Stored items:
★ ★ ★ ★ ★

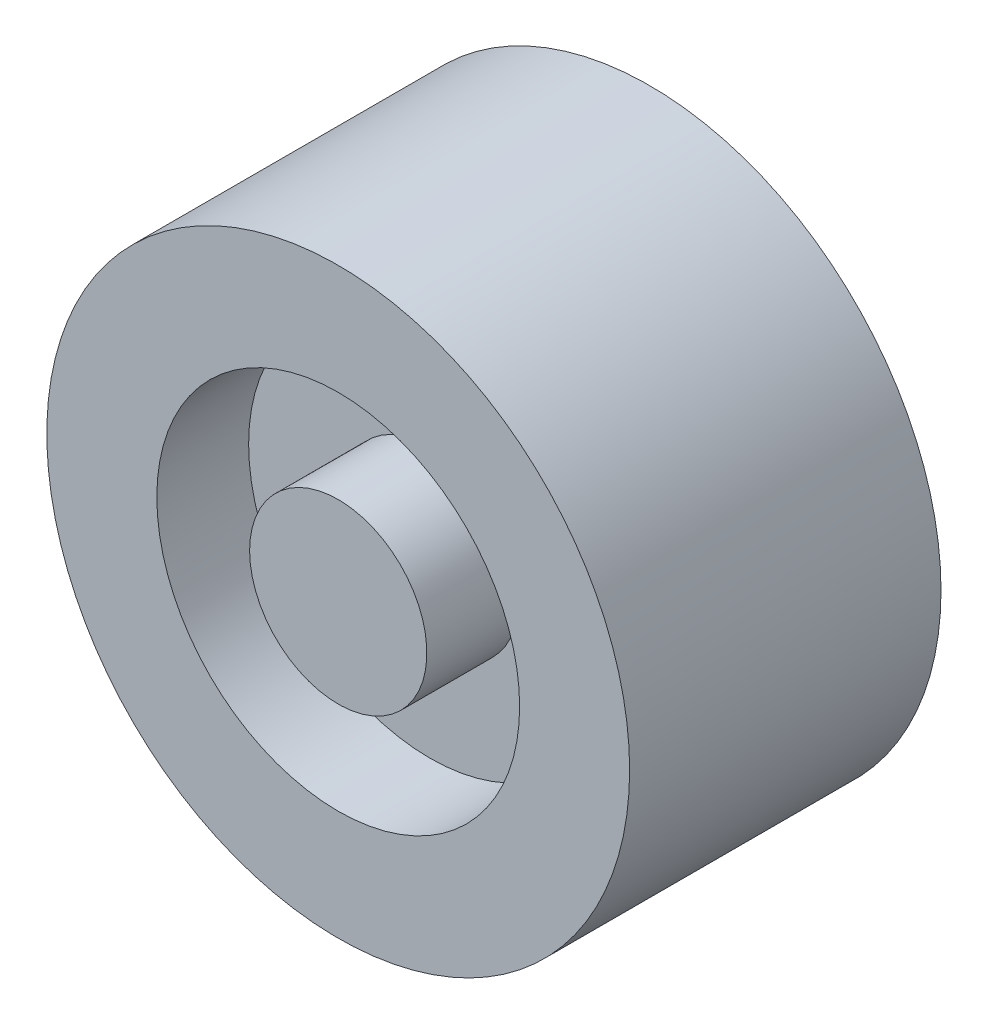
SolidWorks part; units mm, degrees
ref_plane "Front Plane" through (0, 0, 0) normal (0, 0, 1) x (1, 0, 0)
ref_plane "Top Plane" through (0, 0, 0) normal (0, 1, 0) x (1, 0, 0)
ref_plane "Right Plane" through (0, 0, 0) normal (1, 0, 0) x (0, 0, -1)
sketch "Sketch1" plane through (0, 0, 0) normal (0, 0, 1) x (1, 0, 0)
  circle A0 centre (0, 0) radius 15.0762
  dimension "D1" = 30.1523
extrude "Boss-Extrude1" add sketch "Sketch1" along normal blind 16.1087
sketch "Sketch2" plane through (0, 0, 0) normal (0, 0, -1) x (-1, 0, 0)
  circle A0 centre (0, 0) radius 9.3853
  circle A1 centre (0, 0) radius 4.5847
  dimension "D1" = 18.7706
  dimension "D2" = 9.1694
extrude "Cut-Extrude1" cut sketch "Sketch2" against normal blind 4.7498
ref_plane "Plane1" through (0, 0, 8.0543) normal (0, 0, -1) x (-1, 0, 0)
mirror "Mirror1" about plane through (0, 0, 8.0543) normal (0, 0, -1) of "Cut-Extrude1"
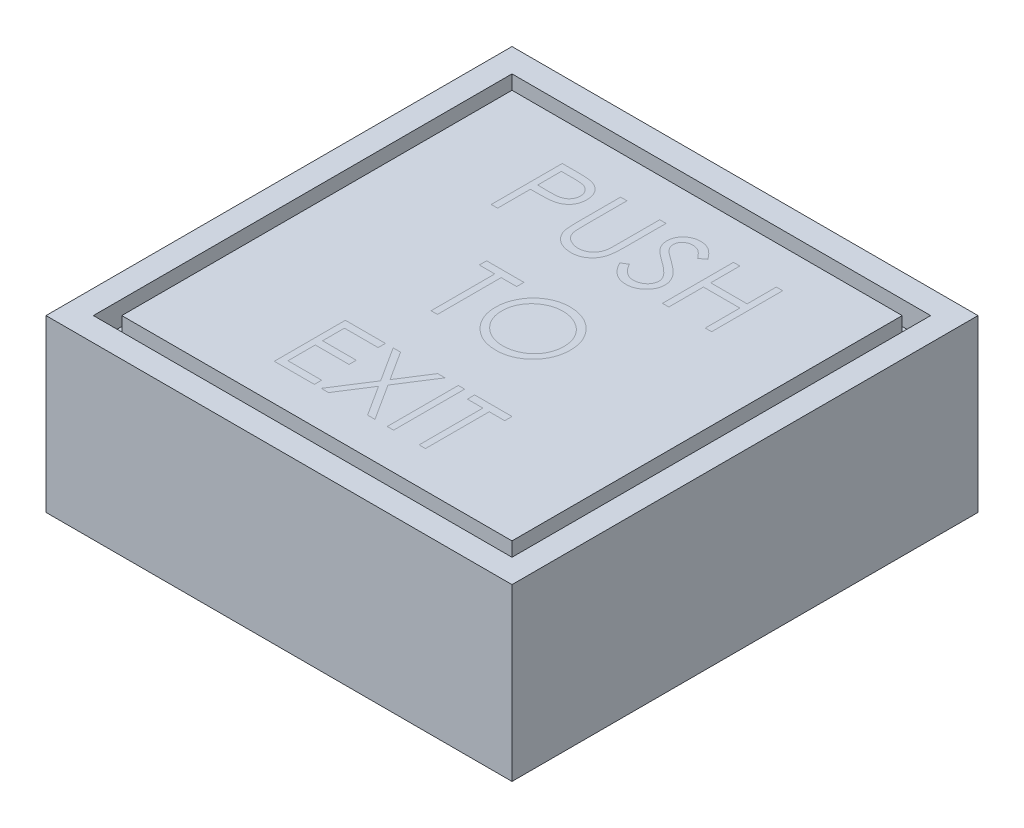
SolidWorks part; units mm, degrees
material "Stainless Steel (ferritic)"
ref_plane "Front Plane" through (0, 0, 0) normal (0, 0, 1) x (1, 0, 0)
ref_plane "Back of Button Plane" through (0, 0, 0) normal (0, 1, 0) x (1, 0, 0)
ref_plane "Right Plane" through (0, 0, 0) normal (1, 0, 0) x (0, 0, -1)
sketch "Sketch1" plane through (0, 0, 0) normal (0, 1, 0) x (1, 0, 0)
  line L1 (0, 0) -> (124.968, 0)
  line L2 (0, 0) -> (0, 124.968)
  line L3 (0, 124.968) -> (124.968, 124.968)
  line L4 (124.968, 0) -> (124.968, 124.968)
  dimension "D1" = 124.968
  dimension "D2" = 124.968
extrude "Boss-Extrude1" add sketch "Sketch1" along normal blind 45.72
sketch "Sketch4" plane through (0, 45.72, 0) normal (0, 1, 0) x (1, 0, 0)
  line L8 (6.35, 118.618) -> (6.35, 6.35)
  line L9 (6.35, 6.35) -> (118.618, 6.35)
  line L10 (118.618, 6.35) -> (118.618, 118.618)
  line L11 (118.618, 118.618) -> (6.35, 118.618)
  line L12 (6.35, 118.618) -> (6.35, 6.35)
  line L13 (6.35, 6.35) -> (118.618, 6.35)
  line L14 (118.618, 6.35) -> (118.618, 118.618)
  line L15 (118.618, 118.618) -> (6.35, 118.618)
  dimension "D1" = 6.35
extrude "Cut-Extrude1" cut sketch "Sketch4" against normal blind 6.35
sketch "Sketch6" plane through (0, 39.37, 0) normal (0, 1, 0) x (1, 0, 0)
  line L8 (114.808, 10.16) -> (114.808, 114.808)
  line L9 (10.16, 10.16) -> (114.808, 10.16)
  line L10 (10.16, 114.808) -> (10.16, 10.16)
  line L11 (114.808, 114.808) -> (10.16, 114.808)
  line L12 (114.808, 10.16) -> (114.808, 114.808)
  line L13 (10.16, 10.16) -> (114.808, 10.16)
  line L14 (10.16, 114.808) -> (10.16, 10.16)
  line L15 (114.808, 114.808) -> (10.16, 114.808)
  dimension "D1" = 3.81
extrude "Boss-Extrude2" add sketch "Sketch6" along normal blind 6.35
sketch "Sketch11" plane through (0, 45.72, 0) normal (0, 1, 0) x (1, 0, 0)
  text T0 "PUSH \r\n  TO\r\n EXIT" font "Century Gothic" height in points 72
  point P1 (0, 0)
  point P2 (0, 0)
wrap "Wrap1" sketch "Sketch11" wrap type scribe source sketch "Sketch11" face at (62.484, 45.72, -62.484)

★ ★ ★ ★ ★

In the data above, find the line containing "(0, 39.37, 0)", then copy it and every later line exactly.

* _EXERCISE RESPONSE_
sketch "Sketch6" plane through (0, 39.37, 0) normal (0, 1, 0) x (1, 0, 0)
  line L8 (114.808, 10.16) -> (114.808, 114.808)
  line L9 (10.16, 10.16) -> (114.808, 10.16)
  line L10 (10.16, 114.808) -> (10.16, 10.16)
  line L11 (114.808, 114.808) -> (10.16, 114.808)
  line L12 (114.808, 10.16) -> (114.808, 114.808)
  line L13 (10.16, 10.16) -> (114.808, 10.16)
  line L14 (10.16, 114.808) -> (10.16, 10.16)
  line L15 (114.808, 114.808) -> (10.16, 114.808)
  dimension "D1" = 3.81
extrude "Boss-Extrude2" add sketch "Sketch6" along normal blind 6.35
sketch "Sketch11" plane through (0, 45.72, 0) normal (0, 1, 0) x (1, 0, 0)
  text T0 "PUSH \r\n  TO\r\n EXIT" font "Century Gothic" height in points 72
  point P1 (0, 0)
  point P2 (0, 0)
wrap "Wrap1" sketch "Sketch11" wrap type scribe source sketch "Sketch11" face at (62.484, 45.72, -62.484)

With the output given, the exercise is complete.